START DATASET RECORDS
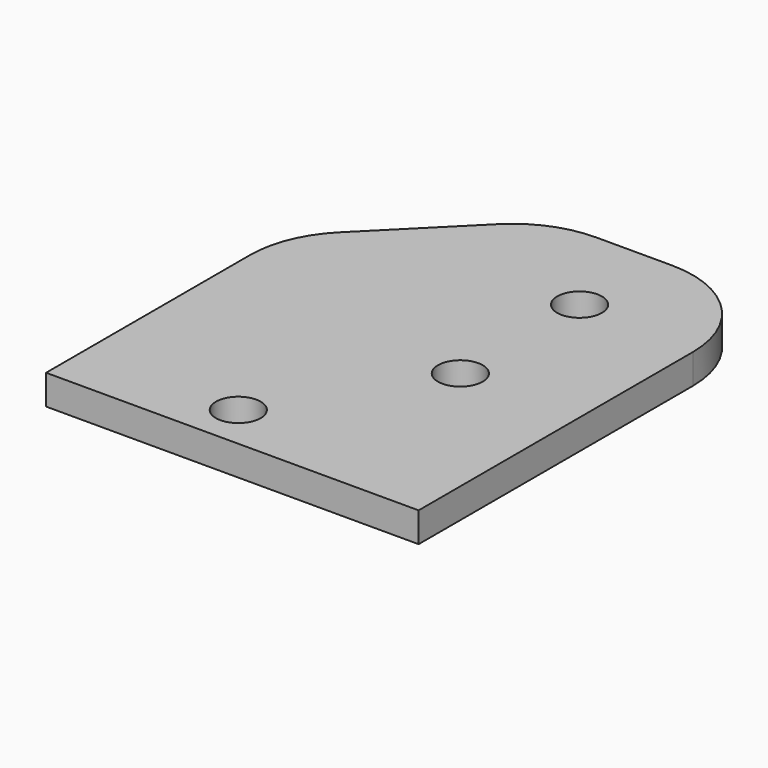
from build123d import *

# Parameters (mm, degrees)
F0_W        = 25
F0_H        = 30
F1_DEPTH    = 2
F2_R        = 1.5
F3_DEPTH    = 2.001
F4_W        = 1
F4_H        = 6.1
F5_DEPTH    = 0.9
F6_T1_DEPTH = 53.4336597593
F7_R        = 7


# Not quite as in the source:
# - a fillet or chamfer that OpenCascade refuses, or shapes differently, is made with other operations: its cross-section is extruded or revolved along the edge and cut away or added


with BuildPart() as f1:
    # F0 (on Top) → F1 (new body)
    with BuildSketch(Plane.XY):
        Rectangle(F0_W, F0_H)
    extrude(amount=F1_DEPTH)

    # F2 (on face) → F3 (cut, through all)
    with BuildSketch(Plane.XY.offset(2)):
        with Locations((-2, -12)):
            Circle(F2_R)
        with Locations((4.5, -1.5)):
            Circle(F2_R)
        with Locations((4.5, 8.5)):
            Circle(F2_R)
    extrude(amount=-F3_DEPTH, mode=Mode.SUBTRACT)

    # F4 (on face) → F5 (cut)
    with BuildSketch(Plane(origin=(0, 0, 0), x_dir=(1, 0, 0), z_dir=(0, 0, -1))):
        with Locations((11.6, -3.051)):
            Rectangle(F4_W, F4_H)
        with Locations((9.6, -3.051)):
            Rectangle(F4_W, F4_H)
        with Locations((7.6, -3.051)):
            Rectangle(F4_W, F4_H)
        with Locations((5.6, -3.051)):
            Rectangle(F4_W, F4_H)
        with Locations((3.6, -3.051)):
            Rectangle(F4_W, F4_H)
        with Locations((1.6, -3.051)):
            Rectangle(F4_W, F4_H)
        with Locations((-0.4, -3.051)):
            Rectangle(F4_W, F4_H)
        with Locations((-2.4, -3.051)):
            Rectangle(F4_W, F4_H)
        with Locations((-4.4, -3.051)):
            Rectangle(F4_W, F4_H)
        with Locations((-6.4, -3.051)):
            Rectangle(F4_W, F4_H)
        with Locations((-8.4, -3.051)):
            Rectangle(F4_W, F4_H)
        with Locations((-10.4, -3.051)):
            Rectangle(F4_W, F4_H)
        with Locations((-12.4, -3.051)):
            Rectangle(F4_W, F4_H)
    extrude(amount=-F5_DEPTH, mode=Mode.SUBTRACT)

    # F6: chamfer of 10 on 1 edges, made by hand

    # F6_s2 → F6_t1 (cut)
    with BuildSketch(Plane.XY.offset(-25.7168298797)):
        Polygon((-12.5, 5), (-2.5, 15), (-12.5, 15), align=None)
    extrude(amount=F6_T1_DEPTH, mode=Mode.SUBTRACT)

    # F7
    f7_edges = [f1.edges().sort_by_distance(p)[0] for p in [
        (-12.5, 5, 1.45),
        (-2.5, 15, 1),
        (12.5, 15, 1),
    ]]
    fillet(f7_edges, radius=F7_R)


solid = f1.part
END DATASET RECORDS
(WORK ITEM)
Give back all the records as they stand, but with no pictures in the copy.

(ANSWER FOR THIS EXERCISE)
from build123d import *

# Parameters (mm, degrees)
F0_W        = 25
F0_H        = 30
F1_DEPTH    = 2
F2_R        = 1.5
F3_DEPTH    = 2.001
F4_W        = 1
F4_H        = 6.1
F5_DEPTH    = 0.9
F6_T1_DEPTH = 53.4336597593
F7_R        = 7


# Not quite as in the source:
# - a fillet or chamfer that OpenCascade refuses, or shapes differently, is made with other operations: its cross-section is extruded or revolved along the edge and cut away or added


with BuildPart() as f1:
    # F0 (on Top) → F1 (new body)
    with BuildSketch(Plane.XY):
        Rectangle(F0_W, F0_H)
    extrude(amount=F1_DEPTH)

    # F2 (on face) → F3 (cut, through all)
    with BuildSketch(Plane.XY.offset(2)):
        with Locations((-2, -12)):
            Circle(F2_R)
        with Locations((4.5, -1.5)):
            Circle(F2_R)
        with Locations((4.5, 8.5)):
            Circle(F2_R)
    extrude(amount=-F3_DEPTH, mode=Mode.SUBTRACT)

    # F4 (on face) → F5 (cut)
    with BuildSketch(Plane(origin=(0, 0, 0), x_dir=(1, 0, 0), z_dir=(0, 0, -1))):
        with Locations((11.6, -3.051)):
            Rectangle(F4_W, F4_H)
        with Locations((9.6, -3.051)):
            Rectangle(F4_W, F4_H)
        with Locations((7.6, -3.051)):
            Rectangle(F4_W, F4_H)
        with Locations((5.6, -3.051)):
            Rectangle(F4_W, F4_H)
        with Locations((3.6, -3.051)):
            Rectangle(F4_W, F4_H)
        with Locations((1.6, -3.051)):
            Rectangle(F4_W, F4_H)
        with Locations((-0.4, -3.051)):
            Rectangle(F4_W, F4_H)
        with Locations((-2.4, -3.051)):
            Rectangle(F4_W, F4_H)
        with Locations((-4.4, -3.051)):
            Rectangle(F4_W, F4_H)
        with Locations((-6.4, -3.051)):
            Rectangle(F4_W, F4_H)
        with Locations((-8.4, -3.051)):
            Rectangle(F4_W, F4_H)
        with Locations((-10.4, -3.051)):
            Rectangle(F4_W, F4_H)
        with Locations((-12.4, -3.051)):
            Rectangle(F4_W, F4_H)
    extrude(amount=-F5_DEPTH, mode=Mode.SUBTRACT)

    # F6: chamfer of 10 on 1 edges, made by hand

    # F6_s2 → F6_t1 (cut)
    with BuildSketch(Plane.XY.offset(-25.7168298797)):
        Polygon((-12.5, 5), (-2.5, 15), (-12.5, 15), align=None)
    extrude(amount=F6_T1_DEPTH, mode=Mode.SUBTRACT)

    # F7
    f7_edges = [f1.edges().sort_by_distance(p)[0] for p in [
        (-12.5, 5, 1.45),
        (-2.5, 15, 1),
        (12.5, 15, 1),
    ]]
    fillet(f7_edges, radius=F7_R)


solid = f1.part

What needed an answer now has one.